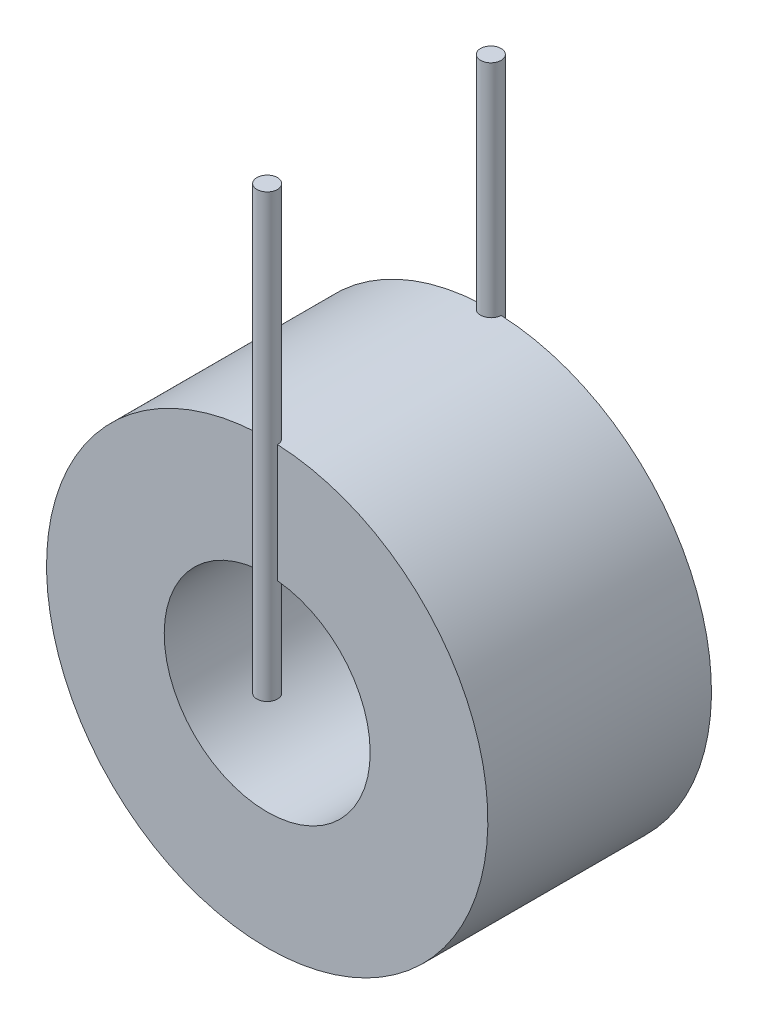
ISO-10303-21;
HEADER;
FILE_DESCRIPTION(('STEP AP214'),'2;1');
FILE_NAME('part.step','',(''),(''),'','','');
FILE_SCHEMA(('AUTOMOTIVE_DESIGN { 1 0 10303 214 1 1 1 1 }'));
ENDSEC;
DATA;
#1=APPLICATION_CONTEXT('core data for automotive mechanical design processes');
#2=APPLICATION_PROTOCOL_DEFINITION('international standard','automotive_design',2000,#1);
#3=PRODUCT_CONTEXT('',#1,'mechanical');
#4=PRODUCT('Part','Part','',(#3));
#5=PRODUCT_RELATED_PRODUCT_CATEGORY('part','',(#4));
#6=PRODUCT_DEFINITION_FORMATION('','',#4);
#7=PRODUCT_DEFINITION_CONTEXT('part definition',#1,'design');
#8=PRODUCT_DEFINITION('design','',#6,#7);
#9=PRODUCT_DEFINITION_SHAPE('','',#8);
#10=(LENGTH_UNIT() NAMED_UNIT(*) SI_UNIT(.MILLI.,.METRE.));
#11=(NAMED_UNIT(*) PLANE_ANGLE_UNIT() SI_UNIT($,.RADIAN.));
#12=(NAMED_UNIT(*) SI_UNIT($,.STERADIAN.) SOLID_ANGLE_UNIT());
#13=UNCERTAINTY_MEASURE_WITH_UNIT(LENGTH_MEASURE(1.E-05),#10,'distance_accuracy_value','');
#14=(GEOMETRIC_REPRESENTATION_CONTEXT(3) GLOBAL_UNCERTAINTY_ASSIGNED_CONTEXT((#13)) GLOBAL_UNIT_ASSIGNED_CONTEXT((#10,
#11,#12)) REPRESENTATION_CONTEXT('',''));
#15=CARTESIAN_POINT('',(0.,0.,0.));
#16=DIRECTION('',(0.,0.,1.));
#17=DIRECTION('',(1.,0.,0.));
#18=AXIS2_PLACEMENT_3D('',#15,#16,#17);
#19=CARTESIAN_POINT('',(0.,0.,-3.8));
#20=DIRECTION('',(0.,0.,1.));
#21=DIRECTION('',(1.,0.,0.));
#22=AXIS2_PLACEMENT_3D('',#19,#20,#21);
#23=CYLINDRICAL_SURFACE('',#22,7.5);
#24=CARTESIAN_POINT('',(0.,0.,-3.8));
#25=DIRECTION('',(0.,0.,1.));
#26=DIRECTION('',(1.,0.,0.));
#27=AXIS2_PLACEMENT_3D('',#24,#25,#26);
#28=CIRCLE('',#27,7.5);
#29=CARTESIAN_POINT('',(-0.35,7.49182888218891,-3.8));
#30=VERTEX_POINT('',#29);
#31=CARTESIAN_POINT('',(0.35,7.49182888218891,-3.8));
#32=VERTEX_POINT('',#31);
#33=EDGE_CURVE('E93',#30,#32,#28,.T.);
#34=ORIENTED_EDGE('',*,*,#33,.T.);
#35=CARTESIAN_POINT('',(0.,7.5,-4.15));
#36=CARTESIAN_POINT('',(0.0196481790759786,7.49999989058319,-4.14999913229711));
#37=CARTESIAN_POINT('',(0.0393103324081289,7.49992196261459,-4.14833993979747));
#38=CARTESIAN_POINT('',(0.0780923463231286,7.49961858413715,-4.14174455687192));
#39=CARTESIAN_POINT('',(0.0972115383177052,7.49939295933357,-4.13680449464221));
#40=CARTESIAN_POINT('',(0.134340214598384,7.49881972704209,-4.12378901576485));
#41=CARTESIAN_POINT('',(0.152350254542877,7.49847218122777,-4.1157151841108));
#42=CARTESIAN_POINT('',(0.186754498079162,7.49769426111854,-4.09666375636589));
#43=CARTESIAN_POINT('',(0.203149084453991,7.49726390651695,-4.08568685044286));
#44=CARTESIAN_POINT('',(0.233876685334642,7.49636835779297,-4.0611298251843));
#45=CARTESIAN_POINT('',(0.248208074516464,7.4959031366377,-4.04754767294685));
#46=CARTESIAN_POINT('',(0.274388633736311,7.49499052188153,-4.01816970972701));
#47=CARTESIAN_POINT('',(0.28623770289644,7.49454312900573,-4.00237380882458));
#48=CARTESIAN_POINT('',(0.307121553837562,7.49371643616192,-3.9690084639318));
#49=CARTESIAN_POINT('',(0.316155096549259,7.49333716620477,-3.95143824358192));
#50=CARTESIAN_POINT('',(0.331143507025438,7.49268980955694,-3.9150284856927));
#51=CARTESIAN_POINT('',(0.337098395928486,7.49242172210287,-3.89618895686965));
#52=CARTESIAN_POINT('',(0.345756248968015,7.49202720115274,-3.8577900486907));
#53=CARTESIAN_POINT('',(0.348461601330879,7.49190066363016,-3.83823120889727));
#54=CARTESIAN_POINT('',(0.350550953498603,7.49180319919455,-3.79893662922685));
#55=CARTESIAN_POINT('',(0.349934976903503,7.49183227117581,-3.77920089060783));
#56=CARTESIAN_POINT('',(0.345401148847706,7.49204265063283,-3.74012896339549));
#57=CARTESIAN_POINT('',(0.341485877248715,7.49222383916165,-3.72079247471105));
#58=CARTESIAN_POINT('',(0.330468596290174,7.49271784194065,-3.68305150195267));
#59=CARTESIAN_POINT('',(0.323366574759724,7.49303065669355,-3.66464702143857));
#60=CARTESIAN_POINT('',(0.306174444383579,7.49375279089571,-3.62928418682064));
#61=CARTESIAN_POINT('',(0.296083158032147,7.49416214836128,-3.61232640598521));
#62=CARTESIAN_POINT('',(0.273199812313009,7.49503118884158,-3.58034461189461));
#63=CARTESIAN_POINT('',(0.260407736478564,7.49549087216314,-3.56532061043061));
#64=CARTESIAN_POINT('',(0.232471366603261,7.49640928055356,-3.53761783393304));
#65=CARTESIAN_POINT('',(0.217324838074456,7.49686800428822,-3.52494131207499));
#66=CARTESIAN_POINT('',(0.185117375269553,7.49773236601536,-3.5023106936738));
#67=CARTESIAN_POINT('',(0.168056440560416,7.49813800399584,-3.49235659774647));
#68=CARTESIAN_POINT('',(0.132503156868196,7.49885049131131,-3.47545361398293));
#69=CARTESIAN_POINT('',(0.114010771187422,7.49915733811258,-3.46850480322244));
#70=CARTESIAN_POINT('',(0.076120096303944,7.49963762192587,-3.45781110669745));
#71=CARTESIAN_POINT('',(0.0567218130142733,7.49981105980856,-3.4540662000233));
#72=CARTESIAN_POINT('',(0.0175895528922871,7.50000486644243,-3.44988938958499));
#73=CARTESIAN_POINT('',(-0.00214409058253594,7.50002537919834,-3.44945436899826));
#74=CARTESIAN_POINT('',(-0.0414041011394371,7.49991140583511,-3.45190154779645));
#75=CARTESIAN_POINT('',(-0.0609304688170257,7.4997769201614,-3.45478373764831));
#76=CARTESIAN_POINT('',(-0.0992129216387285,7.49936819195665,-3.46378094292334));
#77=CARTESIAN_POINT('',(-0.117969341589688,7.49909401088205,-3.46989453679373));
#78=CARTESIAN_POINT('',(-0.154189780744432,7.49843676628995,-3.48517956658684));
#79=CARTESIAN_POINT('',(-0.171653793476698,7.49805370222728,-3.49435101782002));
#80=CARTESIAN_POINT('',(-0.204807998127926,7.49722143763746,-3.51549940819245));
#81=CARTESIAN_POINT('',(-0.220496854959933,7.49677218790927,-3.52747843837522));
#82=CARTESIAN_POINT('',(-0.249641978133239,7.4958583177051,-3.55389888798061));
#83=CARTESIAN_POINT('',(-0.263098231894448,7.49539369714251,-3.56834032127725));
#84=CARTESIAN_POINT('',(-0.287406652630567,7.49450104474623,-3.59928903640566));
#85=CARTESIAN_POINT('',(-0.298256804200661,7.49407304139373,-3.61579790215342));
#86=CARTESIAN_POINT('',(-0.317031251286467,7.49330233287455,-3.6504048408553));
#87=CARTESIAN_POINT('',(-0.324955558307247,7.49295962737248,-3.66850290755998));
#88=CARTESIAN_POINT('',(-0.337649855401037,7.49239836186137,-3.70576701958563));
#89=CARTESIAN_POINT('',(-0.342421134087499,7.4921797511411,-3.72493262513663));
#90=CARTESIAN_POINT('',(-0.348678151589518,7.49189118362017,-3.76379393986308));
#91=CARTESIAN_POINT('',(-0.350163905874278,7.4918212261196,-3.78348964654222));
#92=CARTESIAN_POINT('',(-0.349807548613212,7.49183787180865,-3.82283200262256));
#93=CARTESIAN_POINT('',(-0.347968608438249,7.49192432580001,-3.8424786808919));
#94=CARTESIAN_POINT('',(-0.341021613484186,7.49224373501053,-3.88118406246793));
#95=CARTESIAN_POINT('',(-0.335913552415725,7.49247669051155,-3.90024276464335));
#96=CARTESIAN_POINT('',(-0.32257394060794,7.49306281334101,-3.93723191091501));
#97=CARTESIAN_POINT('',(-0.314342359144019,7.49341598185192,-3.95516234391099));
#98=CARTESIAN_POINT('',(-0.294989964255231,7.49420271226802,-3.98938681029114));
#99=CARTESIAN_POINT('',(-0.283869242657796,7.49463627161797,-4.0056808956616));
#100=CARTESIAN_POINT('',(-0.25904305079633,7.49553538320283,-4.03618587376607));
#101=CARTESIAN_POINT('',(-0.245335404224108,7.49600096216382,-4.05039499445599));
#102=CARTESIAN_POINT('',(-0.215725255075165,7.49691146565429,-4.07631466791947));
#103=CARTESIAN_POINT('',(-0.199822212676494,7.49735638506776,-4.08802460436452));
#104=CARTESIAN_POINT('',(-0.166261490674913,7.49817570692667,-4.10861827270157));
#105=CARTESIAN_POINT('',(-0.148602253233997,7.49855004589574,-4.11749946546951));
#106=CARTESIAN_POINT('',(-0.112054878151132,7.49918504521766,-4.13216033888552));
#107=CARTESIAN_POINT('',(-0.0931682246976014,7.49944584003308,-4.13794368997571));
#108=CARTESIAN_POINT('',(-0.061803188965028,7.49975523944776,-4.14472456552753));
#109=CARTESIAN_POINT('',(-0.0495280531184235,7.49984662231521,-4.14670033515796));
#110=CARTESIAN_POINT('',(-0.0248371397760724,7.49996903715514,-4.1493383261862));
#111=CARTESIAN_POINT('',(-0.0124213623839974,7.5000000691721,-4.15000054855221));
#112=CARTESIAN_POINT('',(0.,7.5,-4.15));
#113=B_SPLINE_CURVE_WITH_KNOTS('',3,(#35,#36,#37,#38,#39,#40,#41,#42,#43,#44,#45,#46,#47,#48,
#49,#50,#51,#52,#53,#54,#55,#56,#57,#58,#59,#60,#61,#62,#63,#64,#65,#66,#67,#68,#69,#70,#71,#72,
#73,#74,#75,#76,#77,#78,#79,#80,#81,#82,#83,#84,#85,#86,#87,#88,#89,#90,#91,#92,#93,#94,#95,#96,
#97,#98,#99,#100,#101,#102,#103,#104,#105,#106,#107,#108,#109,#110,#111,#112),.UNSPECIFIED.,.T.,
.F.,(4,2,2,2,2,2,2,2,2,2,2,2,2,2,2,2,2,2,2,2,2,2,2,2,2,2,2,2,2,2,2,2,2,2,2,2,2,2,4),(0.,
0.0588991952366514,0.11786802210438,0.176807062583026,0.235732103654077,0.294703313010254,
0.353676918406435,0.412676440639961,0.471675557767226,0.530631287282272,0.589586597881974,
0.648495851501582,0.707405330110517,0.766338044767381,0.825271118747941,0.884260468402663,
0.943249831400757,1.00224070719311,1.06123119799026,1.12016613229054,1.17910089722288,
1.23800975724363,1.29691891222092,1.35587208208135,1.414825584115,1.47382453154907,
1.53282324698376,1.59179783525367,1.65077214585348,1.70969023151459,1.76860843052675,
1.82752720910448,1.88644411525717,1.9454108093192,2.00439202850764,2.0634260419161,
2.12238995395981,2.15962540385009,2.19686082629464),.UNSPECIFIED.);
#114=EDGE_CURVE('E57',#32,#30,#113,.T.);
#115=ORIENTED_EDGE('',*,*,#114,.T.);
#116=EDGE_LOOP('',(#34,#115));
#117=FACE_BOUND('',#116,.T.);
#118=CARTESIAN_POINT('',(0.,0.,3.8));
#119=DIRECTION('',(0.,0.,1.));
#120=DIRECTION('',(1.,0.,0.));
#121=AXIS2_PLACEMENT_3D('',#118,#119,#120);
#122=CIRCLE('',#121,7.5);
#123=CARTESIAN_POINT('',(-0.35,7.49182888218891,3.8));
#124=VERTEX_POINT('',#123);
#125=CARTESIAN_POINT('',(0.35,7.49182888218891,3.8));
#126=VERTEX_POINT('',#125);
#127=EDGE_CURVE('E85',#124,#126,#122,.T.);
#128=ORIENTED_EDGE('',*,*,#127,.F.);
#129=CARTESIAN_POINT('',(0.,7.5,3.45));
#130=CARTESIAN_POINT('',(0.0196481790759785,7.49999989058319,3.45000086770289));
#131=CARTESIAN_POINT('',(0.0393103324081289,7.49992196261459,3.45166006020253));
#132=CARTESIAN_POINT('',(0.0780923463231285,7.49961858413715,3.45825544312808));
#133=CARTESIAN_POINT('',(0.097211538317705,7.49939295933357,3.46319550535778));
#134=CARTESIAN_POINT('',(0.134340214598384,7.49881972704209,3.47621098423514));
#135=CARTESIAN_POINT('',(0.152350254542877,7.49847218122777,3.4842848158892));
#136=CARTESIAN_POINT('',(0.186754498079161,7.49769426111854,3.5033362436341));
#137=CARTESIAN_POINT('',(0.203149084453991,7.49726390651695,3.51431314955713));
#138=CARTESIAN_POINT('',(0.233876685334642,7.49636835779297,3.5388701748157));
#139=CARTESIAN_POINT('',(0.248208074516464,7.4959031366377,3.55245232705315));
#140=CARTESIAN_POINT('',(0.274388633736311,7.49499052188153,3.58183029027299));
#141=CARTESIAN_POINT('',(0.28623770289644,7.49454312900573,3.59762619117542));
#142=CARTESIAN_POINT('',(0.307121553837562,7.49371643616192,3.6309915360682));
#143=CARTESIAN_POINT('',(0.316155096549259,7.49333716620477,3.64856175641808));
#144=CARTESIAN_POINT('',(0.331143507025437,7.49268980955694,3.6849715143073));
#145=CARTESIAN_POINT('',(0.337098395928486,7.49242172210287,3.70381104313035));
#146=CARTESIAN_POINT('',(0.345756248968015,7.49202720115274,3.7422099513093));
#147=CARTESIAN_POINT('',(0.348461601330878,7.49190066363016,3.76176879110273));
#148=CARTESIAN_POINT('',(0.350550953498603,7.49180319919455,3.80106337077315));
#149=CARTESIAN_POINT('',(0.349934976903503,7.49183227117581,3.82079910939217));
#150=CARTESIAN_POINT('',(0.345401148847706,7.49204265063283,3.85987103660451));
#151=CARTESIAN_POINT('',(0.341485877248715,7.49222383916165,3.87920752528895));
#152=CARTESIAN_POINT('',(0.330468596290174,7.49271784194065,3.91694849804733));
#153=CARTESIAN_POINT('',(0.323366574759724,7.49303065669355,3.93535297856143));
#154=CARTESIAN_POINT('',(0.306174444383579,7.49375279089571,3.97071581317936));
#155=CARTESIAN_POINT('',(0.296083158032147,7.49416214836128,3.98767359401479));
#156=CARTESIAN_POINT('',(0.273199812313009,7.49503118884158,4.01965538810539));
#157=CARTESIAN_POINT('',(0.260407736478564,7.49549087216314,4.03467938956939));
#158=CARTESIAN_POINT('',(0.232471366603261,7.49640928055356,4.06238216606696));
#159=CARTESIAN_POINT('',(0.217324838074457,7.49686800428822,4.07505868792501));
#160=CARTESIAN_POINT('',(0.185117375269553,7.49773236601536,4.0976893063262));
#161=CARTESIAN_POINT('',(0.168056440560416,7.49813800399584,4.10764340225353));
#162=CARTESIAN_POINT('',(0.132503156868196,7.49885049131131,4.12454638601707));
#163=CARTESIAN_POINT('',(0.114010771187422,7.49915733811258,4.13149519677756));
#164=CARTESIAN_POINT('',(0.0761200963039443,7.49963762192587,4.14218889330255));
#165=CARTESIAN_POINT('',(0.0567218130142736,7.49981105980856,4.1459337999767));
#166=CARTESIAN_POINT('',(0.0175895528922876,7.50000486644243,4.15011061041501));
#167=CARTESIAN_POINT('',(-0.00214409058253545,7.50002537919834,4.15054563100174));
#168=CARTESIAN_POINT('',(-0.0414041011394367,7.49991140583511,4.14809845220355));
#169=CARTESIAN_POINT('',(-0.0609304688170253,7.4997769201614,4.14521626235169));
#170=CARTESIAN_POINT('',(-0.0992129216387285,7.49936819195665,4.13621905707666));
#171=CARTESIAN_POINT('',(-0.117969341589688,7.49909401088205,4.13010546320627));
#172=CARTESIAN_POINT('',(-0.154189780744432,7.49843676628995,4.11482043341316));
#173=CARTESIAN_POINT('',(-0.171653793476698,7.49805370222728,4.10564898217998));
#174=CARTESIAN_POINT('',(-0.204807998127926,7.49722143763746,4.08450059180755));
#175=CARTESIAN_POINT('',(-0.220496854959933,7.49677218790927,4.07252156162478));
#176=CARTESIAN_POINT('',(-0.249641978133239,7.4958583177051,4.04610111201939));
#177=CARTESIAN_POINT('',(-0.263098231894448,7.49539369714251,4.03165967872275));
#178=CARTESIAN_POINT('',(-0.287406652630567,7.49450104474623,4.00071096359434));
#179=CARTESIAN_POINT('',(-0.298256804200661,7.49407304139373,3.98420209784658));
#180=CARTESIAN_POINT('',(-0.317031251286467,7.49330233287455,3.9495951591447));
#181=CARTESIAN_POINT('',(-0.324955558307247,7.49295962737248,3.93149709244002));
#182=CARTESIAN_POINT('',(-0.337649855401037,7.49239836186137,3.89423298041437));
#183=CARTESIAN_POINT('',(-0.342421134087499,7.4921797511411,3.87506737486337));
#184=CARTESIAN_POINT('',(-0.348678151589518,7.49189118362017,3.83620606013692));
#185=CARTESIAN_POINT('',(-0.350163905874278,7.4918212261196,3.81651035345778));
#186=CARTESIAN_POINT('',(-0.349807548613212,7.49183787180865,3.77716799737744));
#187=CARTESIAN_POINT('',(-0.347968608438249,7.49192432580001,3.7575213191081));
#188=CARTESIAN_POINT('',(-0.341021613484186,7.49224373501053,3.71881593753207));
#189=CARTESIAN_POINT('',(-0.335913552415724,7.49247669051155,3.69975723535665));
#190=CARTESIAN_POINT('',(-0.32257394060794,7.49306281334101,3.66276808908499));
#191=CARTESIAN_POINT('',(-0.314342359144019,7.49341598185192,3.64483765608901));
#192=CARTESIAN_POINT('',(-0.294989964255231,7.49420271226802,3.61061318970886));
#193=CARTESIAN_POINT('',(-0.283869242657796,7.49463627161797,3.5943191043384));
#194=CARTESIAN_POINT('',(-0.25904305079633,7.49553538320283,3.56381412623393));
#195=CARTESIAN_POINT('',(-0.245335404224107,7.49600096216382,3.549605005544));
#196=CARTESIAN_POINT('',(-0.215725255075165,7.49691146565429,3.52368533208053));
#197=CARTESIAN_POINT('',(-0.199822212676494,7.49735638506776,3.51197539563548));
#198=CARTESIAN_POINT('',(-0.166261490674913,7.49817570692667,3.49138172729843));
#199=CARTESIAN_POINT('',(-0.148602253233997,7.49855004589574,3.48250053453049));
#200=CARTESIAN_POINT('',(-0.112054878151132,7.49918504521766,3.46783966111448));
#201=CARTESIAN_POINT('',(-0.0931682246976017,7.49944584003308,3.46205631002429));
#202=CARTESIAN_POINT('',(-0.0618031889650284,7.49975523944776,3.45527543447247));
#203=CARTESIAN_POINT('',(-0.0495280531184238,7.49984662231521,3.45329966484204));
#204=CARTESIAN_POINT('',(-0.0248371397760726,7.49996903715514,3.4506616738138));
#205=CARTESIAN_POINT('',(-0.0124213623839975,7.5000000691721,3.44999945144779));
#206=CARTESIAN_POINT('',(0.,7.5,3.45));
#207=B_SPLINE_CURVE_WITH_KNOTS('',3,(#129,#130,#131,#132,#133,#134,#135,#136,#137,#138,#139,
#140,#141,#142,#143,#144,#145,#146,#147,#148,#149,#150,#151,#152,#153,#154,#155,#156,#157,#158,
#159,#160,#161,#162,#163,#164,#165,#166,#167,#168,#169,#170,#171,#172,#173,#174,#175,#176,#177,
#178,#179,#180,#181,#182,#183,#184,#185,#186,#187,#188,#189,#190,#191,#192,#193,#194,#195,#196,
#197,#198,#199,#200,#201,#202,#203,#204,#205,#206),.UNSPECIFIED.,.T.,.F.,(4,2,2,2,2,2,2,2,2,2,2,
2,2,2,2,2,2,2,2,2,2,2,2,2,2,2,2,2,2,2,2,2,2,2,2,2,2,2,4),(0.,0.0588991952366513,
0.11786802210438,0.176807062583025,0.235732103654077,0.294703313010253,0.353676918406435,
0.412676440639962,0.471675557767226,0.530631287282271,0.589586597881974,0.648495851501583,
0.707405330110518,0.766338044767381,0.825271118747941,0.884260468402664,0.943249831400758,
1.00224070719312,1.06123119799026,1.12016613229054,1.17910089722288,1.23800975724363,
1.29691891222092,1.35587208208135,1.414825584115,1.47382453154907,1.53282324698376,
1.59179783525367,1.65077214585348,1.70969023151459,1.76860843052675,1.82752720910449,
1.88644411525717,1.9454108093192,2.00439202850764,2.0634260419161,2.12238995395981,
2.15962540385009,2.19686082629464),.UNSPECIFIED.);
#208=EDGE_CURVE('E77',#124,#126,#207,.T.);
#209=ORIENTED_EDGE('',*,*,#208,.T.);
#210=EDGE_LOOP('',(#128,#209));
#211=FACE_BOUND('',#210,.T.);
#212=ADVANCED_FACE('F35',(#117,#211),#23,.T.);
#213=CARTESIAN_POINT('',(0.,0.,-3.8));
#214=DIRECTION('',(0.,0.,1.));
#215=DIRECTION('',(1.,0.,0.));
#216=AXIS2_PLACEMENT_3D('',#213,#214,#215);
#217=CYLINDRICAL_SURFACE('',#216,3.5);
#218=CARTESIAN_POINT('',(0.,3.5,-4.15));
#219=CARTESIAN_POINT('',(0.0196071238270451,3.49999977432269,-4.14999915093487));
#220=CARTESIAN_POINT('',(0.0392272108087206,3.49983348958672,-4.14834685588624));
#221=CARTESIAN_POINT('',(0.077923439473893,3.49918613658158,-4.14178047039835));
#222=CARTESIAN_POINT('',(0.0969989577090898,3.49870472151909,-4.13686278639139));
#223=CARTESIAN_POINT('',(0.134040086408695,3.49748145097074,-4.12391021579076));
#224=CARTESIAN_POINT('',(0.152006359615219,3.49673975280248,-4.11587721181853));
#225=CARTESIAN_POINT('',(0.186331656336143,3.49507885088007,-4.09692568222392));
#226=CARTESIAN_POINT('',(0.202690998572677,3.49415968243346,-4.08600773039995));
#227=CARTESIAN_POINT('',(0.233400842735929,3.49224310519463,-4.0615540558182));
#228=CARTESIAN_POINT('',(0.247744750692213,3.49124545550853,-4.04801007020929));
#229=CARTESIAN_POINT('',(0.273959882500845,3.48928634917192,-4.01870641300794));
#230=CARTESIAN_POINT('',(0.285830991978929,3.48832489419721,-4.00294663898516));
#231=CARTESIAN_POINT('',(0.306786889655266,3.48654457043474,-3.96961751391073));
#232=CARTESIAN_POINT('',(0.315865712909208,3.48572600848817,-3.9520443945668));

### Brief
Write out nothing but the lines from the start of the data through the line with "#1=APPLICATION_CONTEXT('core data for". Leave out the pictures.

### Output of the exercise
ISO-10303-21;
HEADER;
FILE_DESCRIPTION(('STEP AP214'),'2;1');
FILE_NAME('part.step','',(''),(''),'','','');
FILE_SCHEMA(('AUTOMOTIVE_DESIGN { 1 0 10303 214 1 1 1 1 }'));
ENDSEC;
DATA;
#1=APPLICATION_CONTEXT('core data for automotive mechanical design processes');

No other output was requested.